There were still greater deviations observed in Fig. 5 for the higher dose values than the lower dose values for the stacked and median models, and additional high-dose values may be needed for the training set. However, these models still had better performance on the extreme dose values as compared to the model without added high-dose data. This leads us to conclude that the stacked and median models have better performance overall with added high-dose data and that, in general, a DNN works well in predicting the patient eye lens dose given the geometric exposure parameters as input.

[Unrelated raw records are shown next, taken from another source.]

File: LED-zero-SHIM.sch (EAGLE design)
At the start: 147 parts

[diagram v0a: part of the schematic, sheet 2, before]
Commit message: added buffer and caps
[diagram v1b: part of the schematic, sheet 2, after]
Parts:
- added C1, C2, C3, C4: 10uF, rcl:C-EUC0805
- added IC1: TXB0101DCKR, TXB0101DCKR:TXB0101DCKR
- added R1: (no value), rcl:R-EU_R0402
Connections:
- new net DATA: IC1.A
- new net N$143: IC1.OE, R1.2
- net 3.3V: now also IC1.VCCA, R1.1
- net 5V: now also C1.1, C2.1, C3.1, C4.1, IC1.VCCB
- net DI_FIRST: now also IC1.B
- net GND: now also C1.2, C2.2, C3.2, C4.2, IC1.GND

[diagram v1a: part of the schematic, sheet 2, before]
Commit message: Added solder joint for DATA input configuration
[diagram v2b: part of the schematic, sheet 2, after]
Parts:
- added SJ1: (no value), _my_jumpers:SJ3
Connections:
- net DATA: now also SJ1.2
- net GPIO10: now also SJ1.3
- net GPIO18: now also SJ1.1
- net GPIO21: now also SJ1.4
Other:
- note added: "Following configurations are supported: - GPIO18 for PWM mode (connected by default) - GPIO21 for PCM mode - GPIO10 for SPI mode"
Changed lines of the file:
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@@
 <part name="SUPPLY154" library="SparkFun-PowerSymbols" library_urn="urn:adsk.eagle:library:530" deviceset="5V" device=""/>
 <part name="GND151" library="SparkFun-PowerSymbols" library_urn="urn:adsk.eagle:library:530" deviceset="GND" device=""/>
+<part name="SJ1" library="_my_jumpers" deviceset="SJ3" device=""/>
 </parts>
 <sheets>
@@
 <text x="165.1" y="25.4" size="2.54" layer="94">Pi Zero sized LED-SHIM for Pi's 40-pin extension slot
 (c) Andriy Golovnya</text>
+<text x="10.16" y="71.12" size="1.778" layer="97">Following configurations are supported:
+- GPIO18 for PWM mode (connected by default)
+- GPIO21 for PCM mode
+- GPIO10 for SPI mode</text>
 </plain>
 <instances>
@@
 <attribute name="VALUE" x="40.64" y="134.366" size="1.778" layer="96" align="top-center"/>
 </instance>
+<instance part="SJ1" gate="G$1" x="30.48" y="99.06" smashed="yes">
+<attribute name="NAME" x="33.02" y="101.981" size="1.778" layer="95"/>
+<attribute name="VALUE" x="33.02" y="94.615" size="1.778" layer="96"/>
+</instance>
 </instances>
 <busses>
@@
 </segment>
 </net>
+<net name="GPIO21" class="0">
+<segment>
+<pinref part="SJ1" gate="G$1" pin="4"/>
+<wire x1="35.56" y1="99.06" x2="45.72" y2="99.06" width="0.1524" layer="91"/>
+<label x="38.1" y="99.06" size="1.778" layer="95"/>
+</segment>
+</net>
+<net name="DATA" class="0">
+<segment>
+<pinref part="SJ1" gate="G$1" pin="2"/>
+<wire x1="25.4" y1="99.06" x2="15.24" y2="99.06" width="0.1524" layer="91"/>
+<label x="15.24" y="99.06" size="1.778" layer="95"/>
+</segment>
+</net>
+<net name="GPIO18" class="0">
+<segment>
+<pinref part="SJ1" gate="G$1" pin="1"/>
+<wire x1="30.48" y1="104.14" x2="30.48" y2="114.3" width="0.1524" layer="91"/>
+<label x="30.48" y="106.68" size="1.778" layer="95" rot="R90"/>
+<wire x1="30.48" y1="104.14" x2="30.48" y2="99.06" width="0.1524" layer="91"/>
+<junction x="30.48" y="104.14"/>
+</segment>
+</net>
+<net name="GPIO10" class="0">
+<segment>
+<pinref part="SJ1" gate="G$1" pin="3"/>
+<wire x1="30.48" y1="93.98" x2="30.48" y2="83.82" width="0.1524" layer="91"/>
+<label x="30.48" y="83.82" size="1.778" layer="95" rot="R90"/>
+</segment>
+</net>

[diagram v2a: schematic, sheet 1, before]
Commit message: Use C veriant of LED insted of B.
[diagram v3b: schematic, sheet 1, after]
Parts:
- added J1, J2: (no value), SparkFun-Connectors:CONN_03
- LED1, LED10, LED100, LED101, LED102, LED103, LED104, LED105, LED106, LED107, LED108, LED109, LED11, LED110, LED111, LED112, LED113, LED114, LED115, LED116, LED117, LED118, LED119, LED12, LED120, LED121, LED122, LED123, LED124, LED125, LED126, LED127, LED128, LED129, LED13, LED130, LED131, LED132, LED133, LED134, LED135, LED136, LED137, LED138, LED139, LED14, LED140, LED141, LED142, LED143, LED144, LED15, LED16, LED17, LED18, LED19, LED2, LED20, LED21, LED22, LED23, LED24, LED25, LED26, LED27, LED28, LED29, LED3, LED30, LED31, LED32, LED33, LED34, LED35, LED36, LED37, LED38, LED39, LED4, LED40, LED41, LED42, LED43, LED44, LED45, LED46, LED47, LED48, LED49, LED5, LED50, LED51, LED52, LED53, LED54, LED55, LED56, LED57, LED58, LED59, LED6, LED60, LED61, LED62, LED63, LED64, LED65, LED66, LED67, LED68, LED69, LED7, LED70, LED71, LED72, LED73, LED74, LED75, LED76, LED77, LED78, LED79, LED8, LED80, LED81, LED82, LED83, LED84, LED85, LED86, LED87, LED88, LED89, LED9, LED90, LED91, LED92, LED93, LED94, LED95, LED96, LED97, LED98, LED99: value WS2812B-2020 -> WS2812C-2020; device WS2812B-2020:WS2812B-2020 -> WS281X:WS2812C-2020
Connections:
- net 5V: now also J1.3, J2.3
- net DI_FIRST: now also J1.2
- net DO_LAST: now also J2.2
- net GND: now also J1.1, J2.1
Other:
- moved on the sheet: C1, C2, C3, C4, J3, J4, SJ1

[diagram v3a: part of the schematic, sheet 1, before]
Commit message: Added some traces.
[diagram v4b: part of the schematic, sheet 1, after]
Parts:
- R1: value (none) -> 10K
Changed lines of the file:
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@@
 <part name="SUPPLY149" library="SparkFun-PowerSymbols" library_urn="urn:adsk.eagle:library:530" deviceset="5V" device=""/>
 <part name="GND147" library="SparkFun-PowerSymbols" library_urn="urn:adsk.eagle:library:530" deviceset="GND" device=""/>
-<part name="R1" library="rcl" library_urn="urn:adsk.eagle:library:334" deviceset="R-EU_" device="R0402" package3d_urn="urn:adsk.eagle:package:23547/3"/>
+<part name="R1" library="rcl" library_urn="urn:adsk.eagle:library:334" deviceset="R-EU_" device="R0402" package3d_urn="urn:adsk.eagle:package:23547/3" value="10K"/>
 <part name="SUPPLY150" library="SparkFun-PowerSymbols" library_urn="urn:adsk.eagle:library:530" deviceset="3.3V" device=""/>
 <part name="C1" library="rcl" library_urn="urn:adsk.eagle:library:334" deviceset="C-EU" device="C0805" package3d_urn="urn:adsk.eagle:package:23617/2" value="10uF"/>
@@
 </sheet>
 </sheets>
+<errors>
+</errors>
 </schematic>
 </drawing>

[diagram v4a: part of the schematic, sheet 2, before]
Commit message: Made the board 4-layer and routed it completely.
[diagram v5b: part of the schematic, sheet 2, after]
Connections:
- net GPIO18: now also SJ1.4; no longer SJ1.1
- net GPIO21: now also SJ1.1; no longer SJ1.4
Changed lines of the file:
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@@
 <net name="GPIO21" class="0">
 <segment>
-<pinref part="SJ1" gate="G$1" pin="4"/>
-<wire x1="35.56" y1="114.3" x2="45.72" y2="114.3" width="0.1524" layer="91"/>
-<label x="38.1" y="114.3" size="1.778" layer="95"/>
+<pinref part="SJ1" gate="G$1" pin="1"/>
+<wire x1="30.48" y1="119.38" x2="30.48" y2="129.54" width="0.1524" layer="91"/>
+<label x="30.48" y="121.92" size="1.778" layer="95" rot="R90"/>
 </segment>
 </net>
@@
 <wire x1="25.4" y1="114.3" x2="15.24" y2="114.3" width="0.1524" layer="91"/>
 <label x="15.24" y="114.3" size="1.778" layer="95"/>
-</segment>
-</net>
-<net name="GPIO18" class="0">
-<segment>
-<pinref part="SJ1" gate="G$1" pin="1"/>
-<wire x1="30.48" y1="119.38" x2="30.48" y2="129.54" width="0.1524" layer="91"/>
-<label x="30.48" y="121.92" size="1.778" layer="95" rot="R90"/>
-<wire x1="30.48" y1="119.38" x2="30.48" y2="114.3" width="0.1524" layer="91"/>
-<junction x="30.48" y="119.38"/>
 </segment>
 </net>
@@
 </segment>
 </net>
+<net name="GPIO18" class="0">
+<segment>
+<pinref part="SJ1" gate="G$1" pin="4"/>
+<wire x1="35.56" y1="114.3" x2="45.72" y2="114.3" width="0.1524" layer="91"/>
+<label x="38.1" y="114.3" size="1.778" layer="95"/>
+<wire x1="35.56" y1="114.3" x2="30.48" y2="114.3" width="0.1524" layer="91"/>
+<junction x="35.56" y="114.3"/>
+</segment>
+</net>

The prediction time for the methods was also checked in order to make sure that these DNN methods would be feasible for real time update and display. For it to be real-time, and avoid introducing lag into the system, the feedback time should be under a second, reasonably on the order of a few tenths of a second. For the median method, the average prediction time for the entire testing set (118 data points) was 1.24 seconds, and the average time to predict a single exposure projection was 10 ms. For the stacked method, the average prediction time for the entire testing set was 0.32 seconds and the average time to predict a single exposure projection was 4 ms. Although creating the stacked model is more complex, once created, it is still only one model. The median algorithm has multiple models making predictions at the same time, for each prediction, which leads to longer prediction time.

4. CONCLUSIONS

A DNN method is able to accurately predict the patient eye lens dose based on the geometric and exposure parameters that would be used in a fluoroscopic neuro-interventional procedure. With the added high dose data (generated using MC), the DNNs showed improved performance (Table 1) and are able to more accurately predict higher doses. Furthermore, the prediction accuracy of the DNNs with the 8 cm x 8 cm field size (Table 1) shows that the DNN is able to interpolate well and would eliminate the need for a large database of pre-calculated factors as an alternative method. For comparison between the median method and the stacked models method, the median method had a better MAPE score for both the testing set and interpolation data (3.35% vs 3.92% for testing, and 5.17% vs 7.47% for interpolation). This is a bit surprising considering the simplicity of the median algorithm compared to the more complex stacked models algorithm. A reason for this could be more models need to be generated in order to be input into the stacked models algorithm for its complex nature to be used to its full effect. Both methods have a small prediction time (10 ms for median and 4 ms for stacked) meaning that either would be able to be used in real-time during procedures to predict the patient eye lens dose. This work shows that using a DNN is a viable option to be implemented in the DTS to predict patient eye lens dose in real time and eliminate the need to have a large database of pre-calculated factors.